◆ Your goal ◆
Find the line with "#93=EDGE_LOOP('',(#90,#92));". Transcribe it and each later line of the data exactly, up to and including the last.

◆ Supplied data ◆
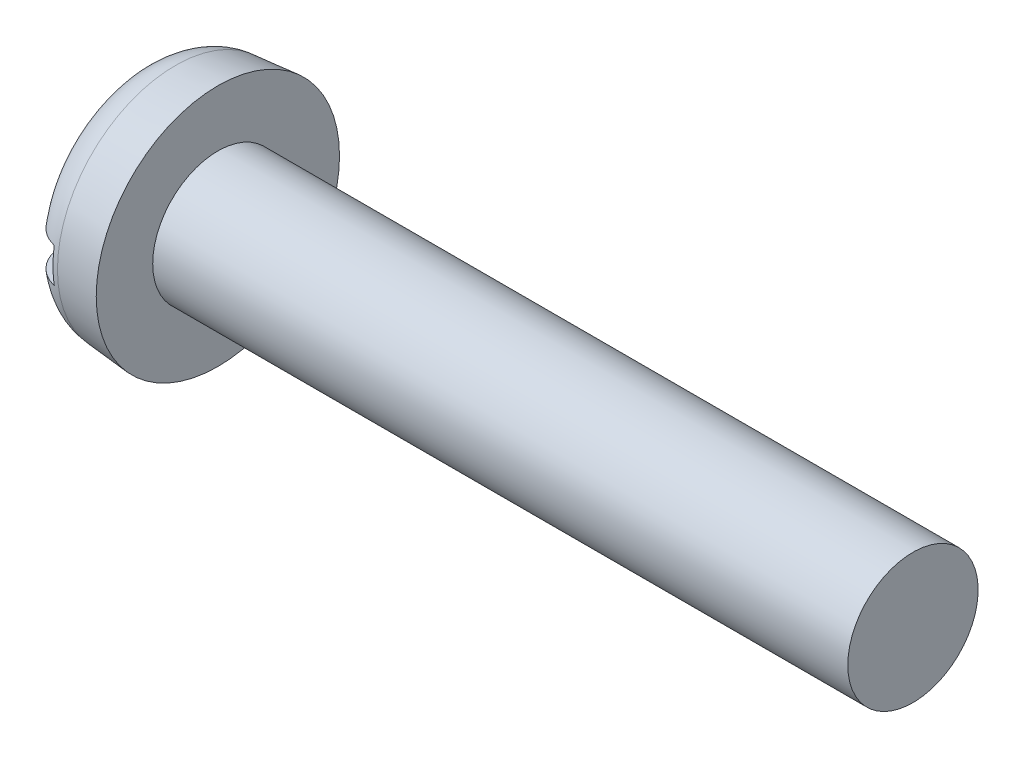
ISO-10303-21;
HEADER;
FILE_DESCRIPTION(('STEP AP214'),'2;1');
FILE_NAME('part.step','',(''),(''),'','','');
FILE_SCHEMA(('AUTOMOTIVE_DESIGN { 1 0 10303 214 1 1 1 1 }'));
ENDSEC;
DATA;
#1=APPLICATION_CONTEXT('core data for automotive mechanical design processes');
#2=APPLICATION_PROTOCOL_DEFINITION('international standard','automotive_design',2000,#1);
#3=PRODUCT_CONTEXT('',#1,'mechanical');
#4=PRODUCT('Part','Part','',(#3));
#5=PRODUCT_RELATED_PRODUCT_CATEGORY('part','',(#4));
#6=PRODUCT_DEFINITION_FORMATION('','',#4);
#7=PRODUCT_DEFINITION_CONTEXT('part definition',#1,'design');
#8=PRODUCT_DEFINITION('design','',#6,#7);
#9=PRODUCT_DEFINITION_SHAPE('','',#8);
#10=(LENGTH_UNIT() NAMED_UNIT(*) SI_UNIT(.MILLI.,.METRE.));
#11=(NAMED_UNIT(*) PLANE_ANGLE_UNIT() SI_UNIT($,.RADIAN.));
#12=(NAMED_UNIT(*) SI_UNIT($,.STERADIAN.) SOLID_ANGLE_UNIT());
#13=UNCERTAINTY_MEASURE_WITH_UNIT(LENGTH_MEASURE(1.E-05),#10,'distance_accuracy_value','');
#14=(GEOMETRIC_REPRESENTATION_CONTEXT(3) GLOBAL_UNCERTAINTY_ASSIGNED_CONTEXT((#13)) GLOBAL_UNIT_ASSIGNED_CONTEXT((#10,
#11,#12)) REPRESENTATION_CONTEXT('',''));
#15=CARTESIAN_POINT('',(0.,0.,0.));
#16=DIRECTION('',(0.,0.,1.));
#17=DIRECTION('',(1.,0.,0.));
#18=AXIS2_PLACEMENT_3D('',#15,#16,#17);
#19=CARTESIAN_POINT('',(0.,0.,0.));
#20=DIRECTION('',(-1.,0.,0.));
#21=DIRECTION('',(0.,0.,1.));
#22=AXIS2_PLACEMENT_3D('',#19,#20,#21);
#23=PLANE('',#22);
#24=DIRECTION('',(0.,0.,-1.));
#25=VECTOR('',#24,1.);
#26=CARTESIAN_POINT('',(0.,0.399999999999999,2.8));
#27=LINE('',#26,#25);
#28=CARTESIAN_POINT('',(0.,0.399999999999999,1.77326763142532));
#29=VERTEX_POINT('',#28);
#30=CARTESIAN_POINT('',(0.,0.399999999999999,-1.77326763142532));
#31=VERTEX_POINT('',#30);
#32=EDGE_CURVE('E89',#29,#31,#27,.T.);
#33=ORIENTED_EDGE('',*,*,#32,.F.);
#34=CARTESIAN_POINT('',(0.,0.,0.));
#35=DIRECTION('',(-1.,0.,0.));
#36=DIRECTION('',(0.,0.,1.));
#37=AXIS2_PLACEMENT_3D('',#34,#35,#36);
#38=CIRCLE('',#37,1.81782234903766);
#39=EDGE_CURVE('E95',#29,#31,#38,.T.);
#40=ORIENTED_EDGE('',*,*,#39,.T.);
#41=EDGE_LOOP('',(#33,#40));
#42=FACE_BOUND('',#41,.T.);
#43=ADVANCED_FACE('F36',(#42),#23,.T.);
#44=CARTESIAN_POINT('',(-25.4,0.,0.));
#45=DIRECTION('',(-1.,0.,0.));
#46=DIRECTION('',(0.,0.,1.));
#47=AXIS2_PLACEMENT_3D('',#44,#45,#46);
#48=CYLINDRICAL_SURFACE('',#47,1.5);
#49=CARTESIAN_POINT('',(17.8,0.,0.));
#50=DIRECTION('',(-1.,0.,0.));
#51=DIRECTION('',(0.,0.,1.));
#52=AXIS2_PLACEMENT_3D('',#49,#50,#51);
#53=CIRCLE('',#52,1.5);
#54=CARTESIAN_POINT('',(17.8,0.,1.5));
#55=VERTEX_POINT('',#54);
#56=EDGE_CURVE('E96',#55,#55,#53,.T.);
#57=ORIENTED_EDGE('',*,*,#56,.T.);
#58=EDGE_LOOP('',(#57));
#59=FACE_BOUND('',#58,.T.);
#60=CARTESIAN_POINT('',(1.8,0.,0.));
#61=DIRECTION('',(-1.,0.,0.));
#62=DIRECTION('',(0.,0.,1.));
#63=AXIS2_PLACEMENT_3D('',#60,#61,#62);
#64=CIRCLE('',#63,1.5);
#65=CARTESIAN_POINT('',(1.8,0.,1.5));
#66=VERTEX_POINT('',#65);
#67=EDGE_CURVE('E153',#66,#66,#64,.T.);
#68=ORIENTED_EDGE('',*,*,#67,.F.);
#69=EDGE_LOOP('',(#68));
#70=FACE_BOUND('',#69,.T.);
#71=ADVANCED_FACE('F141',(#59,#70),#48,.T.);
#72=CARTESIAN_POINT('',(17.8,1.5,0.));
#73=DIRECTION('',(1.,0.,0.));
#74=DIRECTION('',(0.,0.,-1.));
#75=AXIS2_PLACEMENT_3D('',#72,#73,#74);
#76=PLANE('',#75);
#77=ORIENTED_EDGE('',*,*,#56,.F.);
#78=EDGE_LOOP('',(#77));
#79=FACE_BOUND('',#78,.T.);
#80=ADVANCED_FACE('F139',(#79),#76,.T.);
#81=DIRECTION('',(0.,0.,1.));
#82=VECTOR('',#81,1.);
#83=CARTESIAN_POINT('',(0.,-0.4,-2.8));
#84=LINE('',#83,#82);
#85=CARTESIAN_POINT('',(0.,-0.4,-1.77326763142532));
#86=VERTEX_POINT('',#85);
#87=CARTESIAN_POINT('',(0.,-0.4,1.77326763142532));
#88=VERTEX_POINT('',#87);
#89=EDGE_CURVE('E80',#86,#88,#84,.T.);
#90=ORIENTED_EDGE('',*,*,#89,.F.);
#91=EDGE_CURVE('E87',#86,#88,#38,.T.);
#92=ORIENTED_EDGE('',*,*,#91,.T.);
#93=EDGE_LOOP('',(#90,#92));
#94=FACE_BOUND('',#93,.T.);
#95=ADVANCED_FACE('F86',(#94),#23,.T.);
#96=CARTESIAN_POINT('',(0.,0.,0.));
#97=DIRECTION('',(1.,0.,0.));
#98=DIRECTION('',(0.,0.,-1.));
#99=AXIS2_PLACEMENT_3D('',#96,#97,#98);
#100=CONICAL_SURFACE('',#99,2.64252040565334,0.087266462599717);
#101=CARTESIAN_POINT('',(0.821559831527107,0.,0.));
#102=DIRECTION('',(-1.,0.,0.));
#103=DIRECTION('',(0.,0.,1.));
#104=AXIS2_PLACEMENT_3D('',#101,#102,#103);
#105=CIRCLE('',#104,2.71439757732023);
#106=CARTESIAN_POINT('',(0.821559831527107,0.,2.71439757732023));
#107=VERTEX_POINT('',#106);
#108=EDGE_CURVE('E99',#107,#107,#105,.F.);
#109=ORIENTED_EDGE('',*,*,#108,.T.);
#110=EDGE_LOOP('',(#109));
#111=FACE_BOUND('',#110,.T.);
#112=CARTESIAN_POINT('',(1.8,0.,0.));
#113=DIRECTION('',(-1.,0.,0.));
#114=DIRECTION('',(0.,0.,1.));
#115=AXIS2_PLACEMENT_3D('',#112,#113,#114);
#116=CIRCLE('',#115,2.8);
#117=CARTESIAN_POINT('',(1.8,0.,2.8));
#118=VERTEX_POINT('',#117);
#119=EDGE_CURVE('E101',#118,#118,#116,.T.);
#120=ORIENTED_EDGE('',*,*,#119,.T.);
#121=EDGE_LOOP('',(#120));
#122=FACE_BOUND('',#121,.T.);
#123=ADVANCED_FACE('F132',(#111,#122),#100,.T.);
#124=CARTESIAN_POINT('',(1.8,1.5,0.));
#125=DIRECTION('',(-1.,0.,0.));
#126=DIRECTION('',(0.,0.,1.));
#127=AXIS2_PLACEMENT_3D('',#124,#125,#126);
#128=PLANE('',#127);
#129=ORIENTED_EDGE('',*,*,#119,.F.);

◆ Solution for this problem ◆
#93=EDGE_LOOP('',(#90,#92));
#94=FACE_BOUND('',#93,.T.);
#95=ADVANCED_FACE('F86',(#94),#23,.T.);
#96=CARTESIAN_POINT('',(0.,0.,0.));
#97=DIRECTION('',(1.,0.,0.));
#98=DIRECTION('',(0.,0.,-1.));
#99=AXIS2_PLACEMENT_3D('',#96,#97,#98);
#100=CONICAL_SURFACE('',#99,2.64252040565334,0.087266462599717);
#101=CARTESIAN_POINT('',(0.821559831527107,0.,0.));
#102=DIRECTION('',(-1.,0.,0.));
#103=DIRECTION('',(0.,0.,1.));
#104=AXIS2_PLACEMENT_3D('',#101,#102,#103);
#105=CIRCLE('',#104,2.71439757732023);
#106=CARTESIAN_POINT('',(0.821559831527107,0.,2.71439757732023));
#107=VERTEX_POINT('',#106);
#108=EDGE_CURVE('E99',#107,#107,#105,.F.);
#109=ORIENTED_EDGE('',*,*,#108,.T.);
#110=EDGE_LOOP('',(#109));
#111=FACE_BOUND('',#110,.T.);
#112=CARTESIAN_POINT('',(1.8,0.,0.));
#113=DIRECTION('',(-1.,0.,0.));
#114=DIRECTION('',(0.,0.,1.));
#115=AXIS2_PLACEMENT_3D('',#112,#113,#114);
#116=CIRCLE('',#115,2.8);
#117=CARTESIAN_POINT('',(1.8,0.,2.8));
#118=VERTEX_POINT('',#117);
#119=EDGE_CURVE('E101',#118,#118,#116,.T.);
#120=ORIENTED_EDGE('',*,*,#119,.T.);
#121=EDGE_LOOP('',(#120));
#122=FACE_BOUND('',#121,.T.);
#123=ADVANCED_FACE('F132',(#111,#122),#100,.T.);
#124=CARTESIAN_POINT('',(1.8,1.5,0.));
#125=DIRECTION('',(-1.,0.,0.));
#126=DIRECTION('',(0.,0.,1.));
#127=AXIS2_PLACEMENT_3D('',#124,#125,#126);
#128=PLANE('',#127);
#129=ORIENTED_EDGE('',*,*,#119,.F.);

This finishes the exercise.